**What needs to be done:**
The entries below contain a line with "add_0_2_MW1 : Inport" and a line with "add_204_8_MW1 : Inport". Quote exactly those two lines and all lines between them.

Extracted records Start Marker

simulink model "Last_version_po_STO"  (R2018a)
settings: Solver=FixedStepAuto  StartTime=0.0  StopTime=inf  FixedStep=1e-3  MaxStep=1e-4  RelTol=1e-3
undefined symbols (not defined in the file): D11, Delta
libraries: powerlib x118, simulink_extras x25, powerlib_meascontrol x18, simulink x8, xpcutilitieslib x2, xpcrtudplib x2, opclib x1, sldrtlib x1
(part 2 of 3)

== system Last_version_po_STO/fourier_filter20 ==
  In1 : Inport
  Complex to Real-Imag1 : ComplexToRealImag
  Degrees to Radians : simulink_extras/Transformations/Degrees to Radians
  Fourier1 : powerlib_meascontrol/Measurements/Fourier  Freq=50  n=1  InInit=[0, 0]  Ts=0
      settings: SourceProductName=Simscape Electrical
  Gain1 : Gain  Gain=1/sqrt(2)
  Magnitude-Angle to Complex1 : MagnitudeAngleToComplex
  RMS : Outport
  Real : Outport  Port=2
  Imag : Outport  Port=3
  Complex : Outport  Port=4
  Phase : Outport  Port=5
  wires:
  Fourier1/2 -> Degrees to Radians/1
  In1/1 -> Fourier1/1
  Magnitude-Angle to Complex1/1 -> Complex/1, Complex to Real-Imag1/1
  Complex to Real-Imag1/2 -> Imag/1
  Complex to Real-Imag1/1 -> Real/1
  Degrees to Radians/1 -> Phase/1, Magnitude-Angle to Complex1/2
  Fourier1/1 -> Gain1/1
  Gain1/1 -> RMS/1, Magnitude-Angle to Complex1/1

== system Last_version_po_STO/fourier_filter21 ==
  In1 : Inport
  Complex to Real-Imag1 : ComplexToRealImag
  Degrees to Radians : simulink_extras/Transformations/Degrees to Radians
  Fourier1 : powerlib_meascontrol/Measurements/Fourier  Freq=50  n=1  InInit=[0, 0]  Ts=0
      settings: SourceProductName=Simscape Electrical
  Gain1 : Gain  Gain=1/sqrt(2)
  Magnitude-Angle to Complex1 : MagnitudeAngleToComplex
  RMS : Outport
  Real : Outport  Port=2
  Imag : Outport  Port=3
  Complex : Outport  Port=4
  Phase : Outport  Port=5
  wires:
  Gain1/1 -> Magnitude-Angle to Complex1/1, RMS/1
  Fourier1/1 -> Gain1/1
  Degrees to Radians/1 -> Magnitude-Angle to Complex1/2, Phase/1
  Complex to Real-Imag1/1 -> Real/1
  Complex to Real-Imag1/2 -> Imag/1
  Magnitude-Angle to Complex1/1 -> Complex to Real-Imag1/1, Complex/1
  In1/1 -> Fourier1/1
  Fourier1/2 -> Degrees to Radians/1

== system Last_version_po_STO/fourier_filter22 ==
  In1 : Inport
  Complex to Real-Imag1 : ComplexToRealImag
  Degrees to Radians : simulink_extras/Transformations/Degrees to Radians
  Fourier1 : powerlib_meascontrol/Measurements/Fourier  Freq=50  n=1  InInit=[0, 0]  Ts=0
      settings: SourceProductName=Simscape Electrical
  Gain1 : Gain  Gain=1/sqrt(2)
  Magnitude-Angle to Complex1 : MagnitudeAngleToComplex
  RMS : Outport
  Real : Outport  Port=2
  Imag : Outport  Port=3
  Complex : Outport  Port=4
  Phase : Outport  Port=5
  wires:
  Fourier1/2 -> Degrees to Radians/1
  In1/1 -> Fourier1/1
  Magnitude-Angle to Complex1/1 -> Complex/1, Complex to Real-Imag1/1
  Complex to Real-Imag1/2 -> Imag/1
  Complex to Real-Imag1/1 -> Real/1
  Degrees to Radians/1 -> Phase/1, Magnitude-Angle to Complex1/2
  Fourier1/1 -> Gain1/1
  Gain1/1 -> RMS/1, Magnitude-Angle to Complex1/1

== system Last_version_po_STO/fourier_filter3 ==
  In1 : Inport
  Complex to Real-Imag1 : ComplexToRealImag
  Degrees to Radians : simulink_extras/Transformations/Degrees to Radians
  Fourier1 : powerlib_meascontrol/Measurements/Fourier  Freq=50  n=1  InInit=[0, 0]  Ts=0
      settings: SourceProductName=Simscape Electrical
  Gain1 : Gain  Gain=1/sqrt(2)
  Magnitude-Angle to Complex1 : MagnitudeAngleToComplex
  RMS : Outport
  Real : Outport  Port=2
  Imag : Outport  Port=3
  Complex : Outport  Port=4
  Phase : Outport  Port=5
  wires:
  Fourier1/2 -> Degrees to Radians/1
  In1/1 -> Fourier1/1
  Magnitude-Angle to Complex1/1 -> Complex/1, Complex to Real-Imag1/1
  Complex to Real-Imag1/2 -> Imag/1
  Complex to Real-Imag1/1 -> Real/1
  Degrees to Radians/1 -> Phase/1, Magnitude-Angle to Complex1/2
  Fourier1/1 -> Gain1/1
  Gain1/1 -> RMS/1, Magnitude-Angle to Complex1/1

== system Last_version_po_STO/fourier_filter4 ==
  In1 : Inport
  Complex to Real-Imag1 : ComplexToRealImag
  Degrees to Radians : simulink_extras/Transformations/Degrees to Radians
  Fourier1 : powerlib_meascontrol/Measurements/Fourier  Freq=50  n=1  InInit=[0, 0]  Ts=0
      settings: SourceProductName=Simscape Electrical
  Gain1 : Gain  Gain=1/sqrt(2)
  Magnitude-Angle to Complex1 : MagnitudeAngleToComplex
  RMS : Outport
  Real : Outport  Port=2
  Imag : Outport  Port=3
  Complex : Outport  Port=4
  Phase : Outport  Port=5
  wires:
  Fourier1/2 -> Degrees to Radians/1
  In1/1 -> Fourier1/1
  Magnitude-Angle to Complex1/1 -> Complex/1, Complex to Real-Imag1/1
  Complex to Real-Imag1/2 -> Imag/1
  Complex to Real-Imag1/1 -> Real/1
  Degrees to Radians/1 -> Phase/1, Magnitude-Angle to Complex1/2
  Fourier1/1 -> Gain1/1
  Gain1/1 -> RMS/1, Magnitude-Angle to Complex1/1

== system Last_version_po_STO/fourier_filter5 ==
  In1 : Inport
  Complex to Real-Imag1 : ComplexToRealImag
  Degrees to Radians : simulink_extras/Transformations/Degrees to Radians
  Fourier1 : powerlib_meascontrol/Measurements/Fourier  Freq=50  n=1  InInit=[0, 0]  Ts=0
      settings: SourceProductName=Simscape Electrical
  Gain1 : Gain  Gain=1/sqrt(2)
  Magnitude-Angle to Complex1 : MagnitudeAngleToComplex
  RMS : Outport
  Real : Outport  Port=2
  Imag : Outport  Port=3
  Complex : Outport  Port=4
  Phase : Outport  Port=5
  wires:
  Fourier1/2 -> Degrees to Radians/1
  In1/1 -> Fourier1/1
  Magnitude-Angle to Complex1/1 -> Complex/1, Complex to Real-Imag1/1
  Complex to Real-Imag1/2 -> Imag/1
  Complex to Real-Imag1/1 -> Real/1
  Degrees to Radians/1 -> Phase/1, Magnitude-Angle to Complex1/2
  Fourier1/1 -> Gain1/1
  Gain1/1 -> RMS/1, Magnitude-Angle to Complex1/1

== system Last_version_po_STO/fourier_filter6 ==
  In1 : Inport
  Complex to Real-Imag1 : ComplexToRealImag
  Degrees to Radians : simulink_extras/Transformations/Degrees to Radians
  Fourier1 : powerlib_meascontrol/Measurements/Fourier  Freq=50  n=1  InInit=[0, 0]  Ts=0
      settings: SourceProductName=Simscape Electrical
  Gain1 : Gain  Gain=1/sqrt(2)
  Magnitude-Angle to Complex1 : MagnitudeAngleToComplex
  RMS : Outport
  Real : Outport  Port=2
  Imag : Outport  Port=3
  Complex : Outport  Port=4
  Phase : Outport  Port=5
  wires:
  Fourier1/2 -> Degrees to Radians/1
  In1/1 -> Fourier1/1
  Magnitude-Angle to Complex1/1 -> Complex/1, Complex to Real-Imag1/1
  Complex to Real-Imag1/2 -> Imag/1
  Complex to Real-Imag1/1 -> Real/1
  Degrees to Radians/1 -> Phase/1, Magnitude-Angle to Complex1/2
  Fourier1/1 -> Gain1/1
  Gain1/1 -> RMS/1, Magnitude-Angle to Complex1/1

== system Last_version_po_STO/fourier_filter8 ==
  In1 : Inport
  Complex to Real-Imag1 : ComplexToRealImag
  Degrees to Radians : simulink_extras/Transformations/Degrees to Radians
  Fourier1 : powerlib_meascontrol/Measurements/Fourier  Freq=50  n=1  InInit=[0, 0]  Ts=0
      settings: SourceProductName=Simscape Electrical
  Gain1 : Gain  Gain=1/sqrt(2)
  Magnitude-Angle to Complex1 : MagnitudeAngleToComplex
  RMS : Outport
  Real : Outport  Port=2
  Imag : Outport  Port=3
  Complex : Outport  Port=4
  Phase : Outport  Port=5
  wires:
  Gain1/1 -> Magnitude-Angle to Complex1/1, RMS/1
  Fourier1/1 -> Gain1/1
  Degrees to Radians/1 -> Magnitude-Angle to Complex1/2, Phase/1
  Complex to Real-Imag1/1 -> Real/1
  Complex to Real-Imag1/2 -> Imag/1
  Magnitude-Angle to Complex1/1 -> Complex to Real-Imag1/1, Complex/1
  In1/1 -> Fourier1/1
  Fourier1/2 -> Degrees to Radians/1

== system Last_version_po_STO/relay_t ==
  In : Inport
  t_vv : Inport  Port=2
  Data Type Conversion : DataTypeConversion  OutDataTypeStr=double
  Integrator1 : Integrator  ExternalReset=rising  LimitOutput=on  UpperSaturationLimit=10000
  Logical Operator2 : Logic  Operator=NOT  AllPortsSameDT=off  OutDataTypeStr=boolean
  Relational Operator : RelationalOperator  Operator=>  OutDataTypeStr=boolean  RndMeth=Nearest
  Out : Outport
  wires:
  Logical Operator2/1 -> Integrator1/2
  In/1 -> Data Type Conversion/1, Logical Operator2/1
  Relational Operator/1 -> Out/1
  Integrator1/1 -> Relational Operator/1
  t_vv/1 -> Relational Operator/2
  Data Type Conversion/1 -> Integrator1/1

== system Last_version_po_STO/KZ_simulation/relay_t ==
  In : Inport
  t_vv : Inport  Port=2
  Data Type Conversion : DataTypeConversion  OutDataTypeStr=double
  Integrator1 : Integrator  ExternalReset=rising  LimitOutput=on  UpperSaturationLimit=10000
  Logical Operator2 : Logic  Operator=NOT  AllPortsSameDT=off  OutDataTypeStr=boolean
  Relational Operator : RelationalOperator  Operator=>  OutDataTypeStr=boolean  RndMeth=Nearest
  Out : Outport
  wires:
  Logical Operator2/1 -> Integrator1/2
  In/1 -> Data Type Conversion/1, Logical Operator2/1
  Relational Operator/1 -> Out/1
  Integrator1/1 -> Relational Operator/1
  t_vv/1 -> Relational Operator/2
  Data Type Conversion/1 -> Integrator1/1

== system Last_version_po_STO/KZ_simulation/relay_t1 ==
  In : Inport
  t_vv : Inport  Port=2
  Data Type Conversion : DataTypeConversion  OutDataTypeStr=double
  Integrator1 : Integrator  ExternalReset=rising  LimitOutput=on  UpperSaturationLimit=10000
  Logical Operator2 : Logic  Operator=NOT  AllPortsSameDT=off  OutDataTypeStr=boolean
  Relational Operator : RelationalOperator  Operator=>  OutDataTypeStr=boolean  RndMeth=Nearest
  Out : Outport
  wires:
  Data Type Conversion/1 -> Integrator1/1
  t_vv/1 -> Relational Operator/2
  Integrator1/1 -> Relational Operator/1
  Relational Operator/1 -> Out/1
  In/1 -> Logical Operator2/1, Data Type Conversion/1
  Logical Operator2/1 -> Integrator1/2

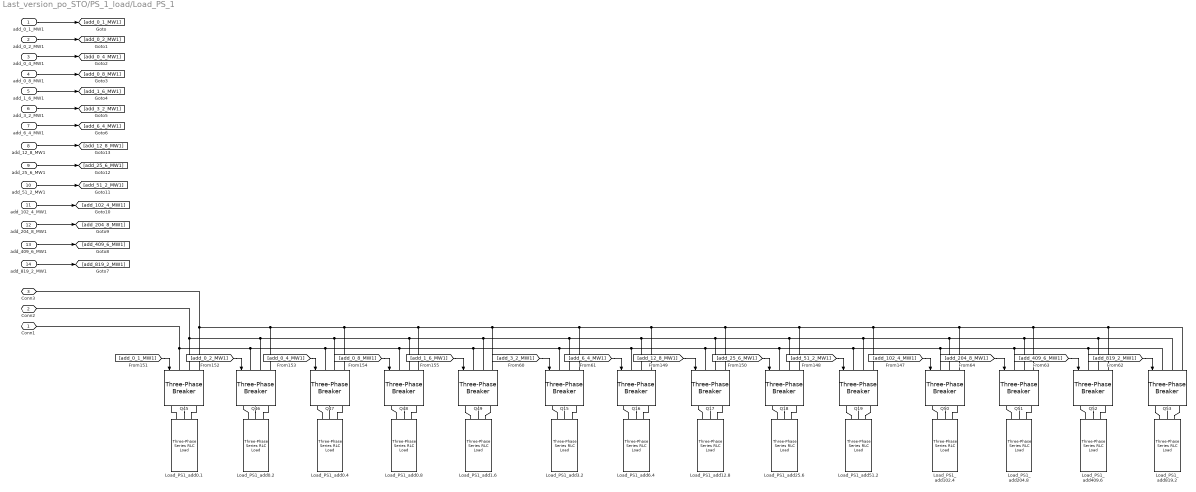
== system Last_version_po_STO/PS_1_load/Load_PS_1 ==
  add_0_1_MW1 : Inport
  add_0_2_MW1 : Inport  Port=2
  add_0_4_MW1 : Inport  Port=3
  add_0_8_MW1 : Inport  Port=4
  add_1_6_MW1 : Inport  Port=5
  add_3_2_MW1 : Inport  Port=6
  add_6_4_MW1 : Inport  Port=7
  add_12_8_MW1 : Inport  Port=8
  add_25_6_MW1 : Inport  Port=9
  add_51_2_MW1 : Inport  Port=10
  add_102_4_MW1 : Inport  Port=11
  add_204_8_MW1 : Inport  Port=12
  add_409_6_MW1 : Inport  Port=13
  add_819_2_MW1 : Inport  Port=14
  Load_PS1_add0.1 : powerlib/Elements/Three-Phase Series RLC Load  LConnTagsString=A|B|C  Configuration=Y (grounded)  NominalVoltage=330e3  Vabc=[1e3 1e3 1e3]  Vabcp=[1e3 1e3 1e3]  NominalFrequency=50  UnbalancedPower=off  ActivePower=0.1e6  InductivePower=0  CapacitivePower=0  Pabc=[10e3 9e3 11e3]  QLabc=[100 90 110]  QCabc=[100 90 110]  Pabcp=[10e3 9e3 11e3]  QLabcp=[100 90 110]  QCabcp=[100 90 110]  Measurements=None  LoadType=constant Z
      settings: SourceProductName=Simscape Electrical
  Load_PS1_add0.2 : powerlib/Elements/Three-Phase Series RLC Load  LConnTagsString=A|B|C  Configuration=Y (grounded)  NominalVoltage=330e3  Vabc=[1e3 1e3 1e3]  Vabcp=[1e3 1e3 1e3]  NominalFrequency=50  UnbalancedPower=off  ActivePower=0.2e6  InductivePower=0  CapacitivePower=0  Pabc=[10e3 9e3 11e3]  QLabc=[100 90 110]  QCabc=[100 90 110]  Pabcp=[10e3 9e3 11e3]  QLabcp=[100 90 110]  QCabcp=[100 90 110]  Measurements=None  LoadType=constant Z
      settings: SourceProductName=Simscape Electrical
  Load_PS1_add0.4 : powerlib/Elements/Three-Phase Series RLC Load  LConnTagsString=A|B|C  Configuration=Y (grounded)  NominalVoltage=330e3  Vabc=[1e3 1e3 1e3]  Vabcp=[1e3 1e3 1e3]  NominalFrequency=50  UnbalancedPower=off  ActivePower=0.4e6  InductivePower=0  CapacitivePower=0  Pabc=[10e3 9e3 11e3]  QLabc=[100 90 110]  QCabc=[100 90 110]  Pabcp=[10e3 9e3 11e3]  QLabcp=[100 90 110]  QCabcp=[100 90 110]  Measurements=None  LoadType=constant Z
      settings: SourceProductName=Simscape Electrical
  Load_PS1_add0.8 : powerlib/Elements/Three-Phase Series RLC Load  LConnTagsString=A|B|C  Configuration=Y (grounded)  NominalVoltage=330e3  Vabc=[1e3 1e3 1e3]  Vabcp=[1e3 1e3 1e3]  NominalFrequency=50  UnbalancedPower=off  ActivePower=0.8e6  InductivePower=0  CapacitivePower=0  Pabc=[10e3 9e3 11e3]  QLabc=[100 90 110]  QCabc=[100 90 110]  Pabcp=[10e3 9e3 11e3]  QLabcp=[100 90 110]  QCabcp=[100 90 110]  Measurements=None  LoadType=constant Z
      settings: SourceProductName=Simscape Electrical
  Load_PS1_add1.6 : powerlib/Elements/Three-Phase Series RLC Load  LConnTagsString=A|B|C  Configuration=Y (grounded)  NominalVoltage=330e3  Vabc=[1e3 1e3 1e3]  Vabcp=[1e3 1e3 1e3]  NominalFrequency=50  UnbalancedPower=off  ActivePower=1.6e6  InductivePower=0  CapacitivePower=0  Pabc=[10e3 9e3 11e3]  QLabc=[100 90 110]  QCabc=[100 90 110]  Pabcp=[10e3 9e3 11e3]  QLabcp=[100 90 110]  QCabcp=[100 90 110]  Measurements=None  LoadType=constant Z
      settings: SourceProductName=Simscape Electrical
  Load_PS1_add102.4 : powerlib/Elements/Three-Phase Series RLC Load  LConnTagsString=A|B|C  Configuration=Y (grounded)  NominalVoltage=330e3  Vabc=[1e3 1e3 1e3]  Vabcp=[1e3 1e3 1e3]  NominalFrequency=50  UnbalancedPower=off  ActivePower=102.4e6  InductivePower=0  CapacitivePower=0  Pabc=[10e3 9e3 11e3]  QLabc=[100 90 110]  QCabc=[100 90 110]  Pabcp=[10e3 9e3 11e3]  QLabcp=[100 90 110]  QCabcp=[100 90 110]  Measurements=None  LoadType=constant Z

Extracted records End Marker

**Response below:**
  add_0_2_MW1 : Inport  Port=2
  add_0_4_MW1 : Inport  Port=3
  add_0_8_MW1 : Inport  Port=4
  add_1_6_MW1 : Inport  Port=5
  add_3_2_MW1 : Inport  Port=6
  add_6_4_MW1 : Inport  Port=7
  add_12_8_MW1 : Inport  Port=8
  add_25_6_MW1 : Inport  Port=9
  add_51_2_MW1 : Inport  Port=10
  add_102_4_MW1 : Inport  Port=11
  add_204_8_MW1 : Inport  Port=12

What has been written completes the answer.